Two women are gossiping over a newcomer.
One of them says that he hasn't brought many things along with him. He only has clothes and a few other things.
The other woman replies: "Maybe he's having his stuff sent."
E the first one says: "I asked him. Made it a point."
What does it mean? That it was necessary that she should ask?"

My try:
"Gliel'ho chiesto. Mi sembrava il minimo (mi sembrava doveroso)."
Thank you in advance.
Raffa


----------



## pescara

raffavita said:


> Ciao a tutti,
> ho visto che ci sono diversi threads con l'espressione "make a point", ma credo che qui abbia un altro valore rispetto a quelli che ho trovato nel forum.
> 
> I'll try to give some context.
> 
> Two women are gossiping over a newcomer.
> One of them says that he hasn't brought many things along with him. He only has clothes and a few other things.
> The other woman replies: "Maybe he's having his stuff sent."
> E the first one says: "I asked him. Made it a point."
> What does it mean? That it was necessary that she should ask?"
> 
> My try:
> "Gliel'ho chiesto. Mi sembrava il minimo (mi sembrava doveroso)."
> Thank you in advance.
> Raffa


 
"To make it a point to do something" means to be sure that you do it, to make it a priority.  For example, "I did not want to be late for my appointment so I made it a point to arrive a half hour early."   

Ciao.


----------



## k_georgiadis

Make it a point = to put all necessary effort, to make sure. So, your English sentence could be rewritten: "I asked them. I was determined to ask him and find out.


----------



## rocamadour

Ciao raffa! 
Forse il senso potrebbe anche essere quello di "Non ne ho potuto fare a meno" (mia libera interpretazione del più letterale "mi sono sentita in dovere di farlo").
Ovviamente si tratta solo di un'idea....
Ciao!


----------



## raffavita

rocamadour said:


> Ciao raffa!
> Forse il senso potrebbe anche essere quello di "Non ne ho potuto fare a meno" (mia libera interpretazione del più letterale "mi sono sentita in dovere di farlo").
> Ovviamente si tratta solo di un'idea....
> Ciao!


 

Could it also mean, as rocamadour suggests "I couldn't help asking him?"
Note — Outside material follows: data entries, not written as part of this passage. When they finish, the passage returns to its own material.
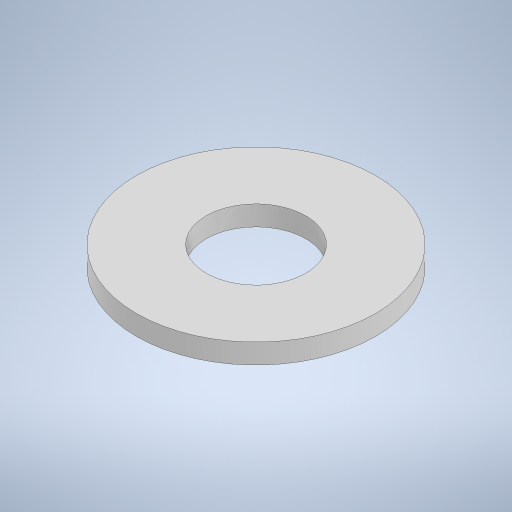
# Autodesk Inventor part: Rondella
Saved by Autodesk Inventor 2023 (Build 270158000, 158)
## iProperties
Created: 2026-01-13
Part Number: Rondella
Material: Generico
Document SubType Name: Modeling
Designer: Davide
Density: 1 g/cm^3
Appearance: Default
1_Materiale: − − −
2_Trattamento: − − −
3_Disegnato: D. Mitidieri
4_Controllato: C. Pirrottina
5_Approvato: S. Musella
Author: Davide
Autodesk Inventor part; units mm, degrees
ref_plane "YZ Plane" through (0, 0, 0) normal (1, 0, 0) x (0, 1, 0)
ref_plane "XZ Plane" through (0, 0, 0) normal (0, 1, 0) x (-1, 0, 0)
ref_plane "XY Plane" through (0, 0, 0) normal (0, 0, 1) x (1, 0, 0)
sketch "Schizzo1" plane through (0, 0, 0) normal (0, 1, 0) x (-1, 0, 0)
  circle A0 centre (0, 0) radius 3
  circle A1 centre (0, 0) radius 1.25
  dimension "d0" = 6
  dimension "d1" = 2.5
  constraints: 2 centre point, 2 coincident
  measures "d0" diameter of A0
  measures "d1" diameter of A1
extrude "Estrusione1" add sketch "Schizzo1" along normal mid plane 0.5
equation "\"d0\" = od"
equation "\"d1\" = d"
equation "\"d2\" = spess"
equation "\"d\" = 2.5"
equation "\"od\" = 6"
equation "\"spess\" = 0.5"

Otherwise: "Mi sembrava il minimo" is what we sometimes use to indicate that something required being done.
Thank to all of you.
Raffa


----------



## k_georgiadis

"I couldn't help it" has a slightly different connotation: "I couldn't resist the temptation, it was beyond my abilities/strength to resist, my curiosity got the better of me" whereas "to make it a point" denotes resolve and determination to do something, to get something done, discover something."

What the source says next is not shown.